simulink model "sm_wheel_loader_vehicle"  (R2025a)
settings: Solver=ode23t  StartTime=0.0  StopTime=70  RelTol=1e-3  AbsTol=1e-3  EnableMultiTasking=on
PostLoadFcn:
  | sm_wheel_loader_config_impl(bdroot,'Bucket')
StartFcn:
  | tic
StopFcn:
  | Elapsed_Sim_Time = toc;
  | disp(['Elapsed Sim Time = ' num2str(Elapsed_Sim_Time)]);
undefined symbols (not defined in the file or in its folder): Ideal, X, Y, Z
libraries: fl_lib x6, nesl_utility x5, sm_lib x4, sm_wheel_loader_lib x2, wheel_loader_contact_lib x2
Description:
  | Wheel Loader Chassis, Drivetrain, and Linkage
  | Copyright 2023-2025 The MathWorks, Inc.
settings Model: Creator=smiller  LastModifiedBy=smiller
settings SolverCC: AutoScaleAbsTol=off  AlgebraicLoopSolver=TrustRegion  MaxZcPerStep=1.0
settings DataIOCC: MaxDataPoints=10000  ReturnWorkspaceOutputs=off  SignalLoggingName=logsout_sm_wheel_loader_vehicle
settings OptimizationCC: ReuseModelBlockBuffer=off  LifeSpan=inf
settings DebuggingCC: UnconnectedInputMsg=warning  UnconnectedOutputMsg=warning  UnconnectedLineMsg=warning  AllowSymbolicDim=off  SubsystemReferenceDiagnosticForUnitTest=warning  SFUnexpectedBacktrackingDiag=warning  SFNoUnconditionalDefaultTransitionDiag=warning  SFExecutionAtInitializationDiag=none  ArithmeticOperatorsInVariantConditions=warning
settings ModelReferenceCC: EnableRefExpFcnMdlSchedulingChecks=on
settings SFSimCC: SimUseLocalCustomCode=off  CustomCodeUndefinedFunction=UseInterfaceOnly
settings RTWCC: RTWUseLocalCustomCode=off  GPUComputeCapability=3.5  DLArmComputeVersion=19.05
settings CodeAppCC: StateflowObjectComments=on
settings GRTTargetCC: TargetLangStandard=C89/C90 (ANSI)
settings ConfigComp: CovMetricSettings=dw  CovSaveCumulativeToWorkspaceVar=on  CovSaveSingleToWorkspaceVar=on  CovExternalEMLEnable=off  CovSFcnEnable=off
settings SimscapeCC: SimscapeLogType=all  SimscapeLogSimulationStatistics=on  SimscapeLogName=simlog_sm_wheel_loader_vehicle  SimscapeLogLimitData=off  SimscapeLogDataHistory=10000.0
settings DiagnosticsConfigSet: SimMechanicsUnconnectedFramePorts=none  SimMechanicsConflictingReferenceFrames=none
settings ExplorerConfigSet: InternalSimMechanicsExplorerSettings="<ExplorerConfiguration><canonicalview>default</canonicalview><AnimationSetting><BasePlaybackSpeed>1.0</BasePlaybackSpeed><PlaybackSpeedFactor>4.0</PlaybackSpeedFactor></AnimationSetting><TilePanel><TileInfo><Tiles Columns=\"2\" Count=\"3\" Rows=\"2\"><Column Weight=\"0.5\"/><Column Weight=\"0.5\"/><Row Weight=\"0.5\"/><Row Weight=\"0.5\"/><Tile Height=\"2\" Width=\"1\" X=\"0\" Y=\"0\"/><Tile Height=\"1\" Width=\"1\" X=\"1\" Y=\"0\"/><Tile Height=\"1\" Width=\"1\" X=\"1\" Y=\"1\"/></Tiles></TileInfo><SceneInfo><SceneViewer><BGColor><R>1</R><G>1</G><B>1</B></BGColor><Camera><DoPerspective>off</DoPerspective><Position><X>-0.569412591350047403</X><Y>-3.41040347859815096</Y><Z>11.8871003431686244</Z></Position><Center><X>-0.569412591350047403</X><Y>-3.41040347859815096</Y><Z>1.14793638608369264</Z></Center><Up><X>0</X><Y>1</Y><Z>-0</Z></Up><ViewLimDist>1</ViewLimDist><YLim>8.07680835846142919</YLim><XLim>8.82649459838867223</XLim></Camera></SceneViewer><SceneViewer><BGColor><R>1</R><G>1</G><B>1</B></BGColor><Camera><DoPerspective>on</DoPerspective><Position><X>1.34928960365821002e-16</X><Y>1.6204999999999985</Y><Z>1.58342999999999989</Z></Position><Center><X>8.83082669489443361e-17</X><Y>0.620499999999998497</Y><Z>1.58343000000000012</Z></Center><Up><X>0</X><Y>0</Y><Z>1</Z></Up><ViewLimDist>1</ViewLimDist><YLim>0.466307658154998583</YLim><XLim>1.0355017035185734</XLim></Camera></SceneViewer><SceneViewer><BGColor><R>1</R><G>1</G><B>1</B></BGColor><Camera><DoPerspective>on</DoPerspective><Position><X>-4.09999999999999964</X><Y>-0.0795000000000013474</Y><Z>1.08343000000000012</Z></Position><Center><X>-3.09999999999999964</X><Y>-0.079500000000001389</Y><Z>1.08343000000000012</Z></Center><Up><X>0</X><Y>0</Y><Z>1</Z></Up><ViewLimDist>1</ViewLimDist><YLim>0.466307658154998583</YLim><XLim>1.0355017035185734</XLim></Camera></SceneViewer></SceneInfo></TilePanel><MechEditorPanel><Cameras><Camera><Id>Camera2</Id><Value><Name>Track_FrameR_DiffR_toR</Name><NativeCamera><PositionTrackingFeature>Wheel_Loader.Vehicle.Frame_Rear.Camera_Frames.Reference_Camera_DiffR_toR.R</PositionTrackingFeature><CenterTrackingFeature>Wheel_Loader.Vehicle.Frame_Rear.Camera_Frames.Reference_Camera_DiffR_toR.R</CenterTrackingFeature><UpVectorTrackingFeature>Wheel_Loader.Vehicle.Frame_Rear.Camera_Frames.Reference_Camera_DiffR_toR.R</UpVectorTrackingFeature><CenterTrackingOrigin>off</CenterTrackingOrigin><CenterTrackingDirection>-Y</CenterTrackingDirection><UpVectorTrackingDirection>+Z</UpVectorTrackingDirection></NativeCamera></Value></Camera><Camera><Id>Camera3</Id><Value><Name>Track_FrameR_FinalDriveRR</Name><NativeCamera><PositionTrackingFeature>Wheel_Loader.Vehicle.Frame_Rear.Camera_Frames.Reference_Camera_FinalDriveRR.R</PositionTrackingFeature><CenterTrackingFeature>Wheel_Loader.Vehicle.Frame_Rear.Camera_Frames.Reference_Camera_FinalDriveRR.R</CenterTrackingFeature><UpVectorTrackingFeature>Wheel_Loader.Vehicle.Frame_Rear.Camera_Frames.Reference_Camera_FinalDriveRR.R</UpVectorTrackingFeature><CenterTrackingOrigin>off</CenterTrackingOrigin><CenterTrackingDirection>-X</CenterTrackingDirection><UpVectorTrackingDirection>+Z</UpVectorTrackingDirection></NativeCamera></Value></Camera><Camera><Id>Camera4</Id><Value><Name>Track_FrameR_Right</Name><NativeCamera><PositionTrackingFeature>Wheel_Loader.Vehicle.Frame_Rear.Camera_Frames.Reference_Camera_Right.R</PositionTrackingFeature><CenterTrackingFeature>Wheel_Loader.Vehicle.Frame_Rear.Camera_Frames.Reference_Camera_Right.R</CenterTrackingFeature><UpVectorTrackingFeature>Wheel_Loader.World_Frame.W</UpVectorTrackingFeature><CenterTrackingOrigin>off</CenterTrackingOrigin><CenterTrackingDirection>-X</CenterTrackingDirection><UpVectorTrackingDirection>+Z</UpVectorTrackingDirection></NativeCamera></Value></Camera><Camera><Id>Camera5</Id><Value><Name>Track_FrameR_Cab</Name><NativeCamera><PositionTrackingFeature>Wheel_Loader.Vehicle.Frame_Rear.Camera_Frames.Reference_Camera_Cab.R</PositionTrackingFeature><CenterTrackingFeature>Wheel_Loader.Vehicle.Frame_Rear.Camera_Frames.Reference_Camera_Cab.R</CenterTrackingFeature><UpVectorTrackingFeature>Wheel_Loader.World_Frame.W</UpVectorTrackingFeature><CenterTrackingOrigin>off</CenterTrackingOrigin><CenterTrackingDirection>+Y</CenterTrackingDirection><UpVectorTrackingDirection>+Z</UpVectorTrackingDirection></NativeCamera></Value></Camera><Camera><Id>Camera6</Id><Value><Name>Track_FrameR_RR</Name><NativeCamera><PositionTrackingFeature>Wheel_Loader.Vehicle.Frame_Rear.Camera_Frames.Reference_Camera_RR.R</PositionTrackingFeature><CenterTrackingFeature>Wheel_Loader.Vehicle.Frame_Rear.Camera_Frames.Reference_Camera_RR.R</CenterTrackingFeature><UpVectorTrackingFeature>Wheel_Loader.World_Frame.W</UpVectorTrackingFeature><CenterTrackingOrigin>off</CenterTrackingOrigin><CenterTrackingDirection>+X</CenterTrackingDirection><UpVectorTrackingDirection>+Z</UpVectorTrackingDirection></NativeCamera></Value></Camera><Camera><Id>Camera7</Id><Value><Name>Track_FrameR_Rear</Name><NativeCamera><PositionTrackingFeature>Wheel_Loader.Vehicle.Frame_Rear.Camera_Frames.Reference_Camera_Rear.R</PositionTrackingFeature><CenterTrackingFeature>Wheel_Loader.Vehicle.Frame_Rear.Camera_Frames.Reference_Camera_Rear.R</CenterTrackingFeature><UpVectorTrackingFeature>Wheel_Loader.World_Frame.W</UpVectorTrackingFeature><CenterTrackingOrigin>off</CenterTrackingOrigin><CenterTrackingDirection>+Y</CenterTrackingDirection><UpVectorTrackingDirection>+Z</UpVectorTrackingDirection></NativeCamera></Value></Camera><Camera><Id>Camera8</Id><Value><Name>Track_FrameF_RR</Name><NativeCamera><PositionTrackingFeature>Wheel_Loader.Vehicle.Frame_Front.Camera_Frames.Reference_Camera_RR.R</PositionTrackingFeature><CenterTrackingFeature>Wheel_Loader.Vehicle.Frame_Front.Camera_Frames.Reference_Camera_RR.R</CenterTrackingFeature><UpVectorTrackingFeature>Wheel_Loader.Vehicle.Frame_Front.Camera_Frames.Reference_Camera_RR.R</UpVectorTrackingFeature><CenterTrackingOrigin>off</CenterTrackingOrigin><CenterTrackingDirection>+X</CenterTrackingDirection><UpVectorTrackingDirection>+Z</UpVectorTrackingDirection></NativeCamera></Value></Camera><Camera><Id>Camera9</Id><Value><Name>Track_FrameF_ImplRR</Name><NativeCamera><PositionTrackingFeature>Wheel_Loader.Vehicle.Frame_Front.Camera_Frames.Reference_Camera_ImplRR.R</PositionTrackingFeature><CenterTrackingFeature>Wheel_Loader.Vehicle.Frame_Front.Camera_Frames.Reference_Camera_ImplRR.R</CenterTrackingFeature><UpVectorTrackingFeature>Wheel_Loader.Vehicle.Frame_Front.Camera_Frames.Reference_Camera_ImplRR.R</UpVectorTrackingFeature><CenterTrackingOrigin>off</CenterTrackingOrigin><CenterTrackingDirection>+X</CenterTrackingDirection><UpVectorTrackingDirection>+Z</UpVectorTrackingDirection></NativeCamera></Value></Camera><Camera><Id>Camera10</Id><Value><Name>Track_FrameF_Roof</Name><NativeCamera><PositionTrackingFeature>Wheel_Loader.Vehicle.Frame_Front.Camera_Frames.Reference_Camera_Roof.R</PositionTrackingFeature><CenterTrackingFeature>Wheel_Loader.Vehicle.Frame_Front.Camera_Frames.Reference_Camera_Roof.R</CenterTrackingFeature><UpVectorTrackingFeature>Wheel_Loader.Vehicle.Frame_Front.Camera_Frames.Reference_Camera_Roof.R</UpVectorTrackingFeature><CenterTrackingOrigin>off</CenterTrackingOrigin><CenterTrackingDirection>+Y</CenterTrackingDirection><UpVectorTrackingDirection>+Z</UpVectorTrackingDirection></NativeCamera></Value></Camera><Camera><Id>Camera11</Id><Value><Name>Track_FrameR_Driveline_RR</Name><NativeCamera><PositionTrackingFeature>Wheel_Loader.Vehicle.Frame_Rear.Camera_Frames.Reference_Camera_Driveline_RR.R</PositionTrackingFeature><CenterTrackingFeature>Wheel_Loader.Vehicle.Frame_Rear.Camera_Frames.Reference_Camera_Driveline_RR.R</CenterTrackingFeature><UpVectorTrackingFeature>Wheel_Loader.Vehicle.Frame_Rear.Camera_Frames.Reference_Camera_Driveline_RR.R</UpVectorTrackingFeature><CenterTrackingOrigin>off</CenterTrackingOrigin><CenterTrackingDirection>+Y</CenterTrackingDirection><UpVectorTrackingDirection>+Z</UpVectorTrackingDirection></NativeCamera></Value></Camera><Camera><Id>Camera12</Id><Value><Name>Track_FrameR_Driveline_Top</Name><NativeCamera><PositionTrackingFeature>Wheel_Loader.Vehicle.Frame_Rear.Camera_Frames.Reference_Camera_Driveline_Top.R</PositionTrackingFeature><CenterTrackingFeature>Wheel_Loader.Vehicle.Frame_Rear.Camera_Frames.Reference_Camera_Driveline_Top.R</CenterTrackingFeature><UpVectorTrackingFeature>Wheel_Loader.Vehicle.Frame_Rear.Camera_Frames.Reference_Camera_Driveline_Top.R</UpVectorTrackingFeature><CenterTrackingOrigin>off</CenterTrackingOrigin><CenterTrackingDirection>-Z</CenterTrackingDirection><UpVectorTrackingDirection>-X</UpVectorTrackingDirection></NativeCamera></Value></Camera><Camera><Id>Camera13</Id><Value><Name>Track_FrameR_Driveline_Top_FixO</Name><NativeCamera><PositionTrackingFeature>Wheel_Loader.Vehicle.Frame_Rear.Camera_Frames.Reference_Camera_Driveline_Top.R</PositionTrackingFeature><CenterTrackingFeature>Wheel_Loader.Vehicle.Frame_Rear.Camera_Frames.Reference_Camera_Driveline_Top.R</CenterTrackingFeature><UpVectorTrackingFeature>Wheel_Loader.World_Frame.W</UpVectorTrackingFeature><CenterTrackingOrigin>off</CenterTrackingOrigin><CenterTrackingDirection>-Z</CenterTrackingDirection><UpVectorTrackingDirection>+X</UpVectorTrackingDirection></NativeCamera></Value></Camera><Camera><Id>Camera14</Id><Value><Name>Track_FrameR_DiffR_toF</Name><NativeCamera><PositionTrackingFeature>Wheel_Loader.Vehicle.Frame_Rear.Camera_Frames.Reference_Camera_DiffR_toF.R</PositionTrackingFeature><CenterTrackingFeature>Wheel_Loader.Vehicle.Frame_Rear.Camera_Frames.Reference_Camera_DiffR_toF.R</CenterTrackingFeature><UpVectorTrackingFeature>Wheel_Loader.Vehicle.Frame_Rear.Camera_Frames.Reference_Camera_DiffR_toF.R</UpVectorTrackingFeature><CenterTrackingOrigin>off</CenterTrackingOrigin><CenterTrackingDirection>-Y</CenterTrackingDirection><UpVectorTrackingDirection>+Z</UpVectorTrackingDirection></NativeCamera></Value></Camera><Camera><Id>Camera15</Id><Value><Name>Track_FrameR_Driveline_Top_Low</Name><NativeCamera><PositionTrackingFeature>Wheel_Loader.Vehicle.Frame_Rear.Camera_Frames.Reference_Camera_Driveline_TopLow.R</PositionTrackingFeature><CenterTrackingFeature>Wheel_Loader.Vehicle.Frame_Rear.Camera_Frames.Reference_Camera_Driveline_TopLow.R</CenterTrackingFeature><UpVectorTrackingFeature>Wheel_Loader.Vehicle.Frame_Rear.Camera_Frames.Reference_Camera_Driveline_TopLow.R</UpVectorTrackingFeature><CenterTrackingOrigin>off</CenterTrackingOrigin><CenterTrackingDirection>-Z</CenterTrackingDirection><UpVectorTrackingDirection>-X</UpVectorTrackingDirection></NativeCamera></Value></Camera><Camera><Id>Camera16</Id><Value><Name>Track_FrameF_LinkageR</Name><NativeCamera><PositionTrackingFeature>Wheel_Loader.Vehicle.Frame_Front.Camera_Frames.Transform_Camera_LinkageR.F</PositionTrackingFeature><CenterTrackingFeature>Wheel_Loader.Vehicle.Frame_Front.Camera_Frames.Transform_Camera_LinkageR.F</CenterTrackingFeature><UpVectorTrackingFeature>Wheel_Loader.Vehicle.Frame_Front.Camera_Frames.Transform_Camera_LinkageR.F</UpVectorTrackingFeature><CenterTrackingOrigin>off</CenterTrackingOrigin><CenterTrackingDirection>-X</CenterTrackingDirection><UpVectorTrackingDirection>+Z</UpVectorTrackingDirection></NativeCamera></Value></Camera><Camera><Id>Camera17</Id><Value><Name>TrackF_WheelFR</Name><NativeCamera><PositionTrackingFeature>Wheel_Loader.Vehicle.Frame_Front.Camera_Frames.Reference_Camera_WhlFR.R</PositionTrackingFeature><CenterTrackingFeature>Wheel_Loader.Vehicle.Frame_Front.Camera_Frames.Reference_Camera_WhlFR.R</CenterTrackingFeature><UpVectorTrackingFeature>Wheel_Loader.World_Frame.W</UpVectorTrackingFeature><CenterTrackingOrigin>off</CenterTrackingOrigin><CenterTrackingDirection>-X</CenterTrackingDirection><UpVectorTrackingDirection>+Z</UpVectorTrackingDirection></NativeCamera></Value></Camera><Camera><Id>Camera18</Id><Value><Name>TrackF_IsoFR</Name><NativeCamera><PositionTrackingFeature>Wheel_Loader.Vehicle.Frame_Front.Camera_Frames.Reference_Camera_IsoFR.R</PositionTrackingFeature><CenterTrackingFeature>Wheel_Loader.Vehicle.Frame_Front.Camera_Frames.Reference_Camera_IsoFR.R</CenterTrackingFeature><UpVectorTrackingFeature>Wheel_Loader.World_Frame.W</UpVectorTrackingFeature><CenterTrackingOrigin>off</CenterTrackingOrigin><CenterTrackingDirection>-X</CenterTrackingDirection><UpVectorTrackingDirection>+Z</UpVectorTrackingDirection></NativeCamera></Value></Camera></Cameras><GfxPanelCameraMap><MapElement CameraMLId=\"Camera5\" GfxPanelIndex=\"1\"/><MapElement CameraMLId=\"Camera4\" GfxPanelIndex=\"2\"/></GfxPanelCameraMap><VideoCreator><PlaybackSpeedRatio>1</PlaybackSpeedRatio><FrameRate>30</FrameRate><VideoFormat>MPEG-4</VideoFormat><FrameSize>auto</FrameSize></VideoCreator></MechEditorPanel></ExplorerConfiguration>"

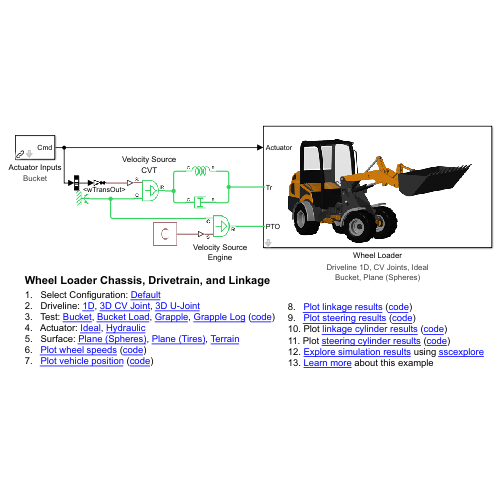
[thumbnail: Simulink's stored preview of the top-level diagram]
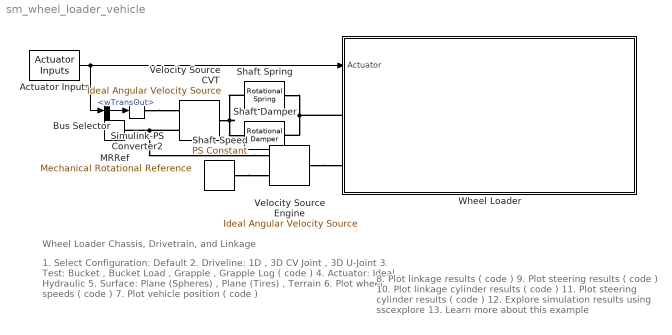
== system sm_wheel_loader_vehicle ==
  note: Wheel Loader Chassis, Drivetrain, and Linkage
  note: 1. Select Configuration: Default
      | 2. Driveline: 1D , 3D CV Joint , 3D U-Joint
      | 3. Test: Bucket , Bucket Load , Grapple , Grapple Log ( code )
      | 4. Actuator: Ideal , Hydraulic
      | 5. Surface: Plane (Spheres) , Plane (Tires) , Terrain
      | 6. Plot wheel speeds ( code )
      | 7. Plot vehicle position ( code )
  note: 8. Plot linkage results ( code )
      | 9. Plot steering results ( code )
      | 10. Plot linkage cylinder results ( code )
      | 11. Plot steering cylinder results ( code )
      | 12. Explore simulation results using sscexplore
      | 13. Learn more about this example
  Actuator Inputs : sm_wheel_loader_lib/Actuator Inputs  popup_steering=on  popup_linkage=on  popup_impl=Bucket
      settings: AttributesFormatString=%<popup_impl>
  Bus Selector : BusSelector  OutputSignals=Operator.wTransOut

..........

** WHAT YOU NEED TO DO **
When copying the data above, please keep exactly the lines from its first line through the line with "undefined symbols (not", both ends included, and drop the rest.

** OUTPUT OF THE EXERCISE **
simulink model "sm_wheel_loader_vehicle"  (R2025a)
settings: Solver=ode23t  StartTime=0.0  StopTime=70  RelTol=1e-3  AbsTol=1e-3  EnableMultiTasking=on
PostLoadFcn:
  | sm_wheel_loader_config_impl(bdroot,'Bucket')
StartFcn:
  | tic
StopFcn:
  | Elapsed_Sim_Time = toc;
  | disp(['Elapsed Sim Time = ' num2str(Elapsed_Sim_Time)]);
undefined symbols (not defined in the file or in its folder): Ideal, X, Y, Z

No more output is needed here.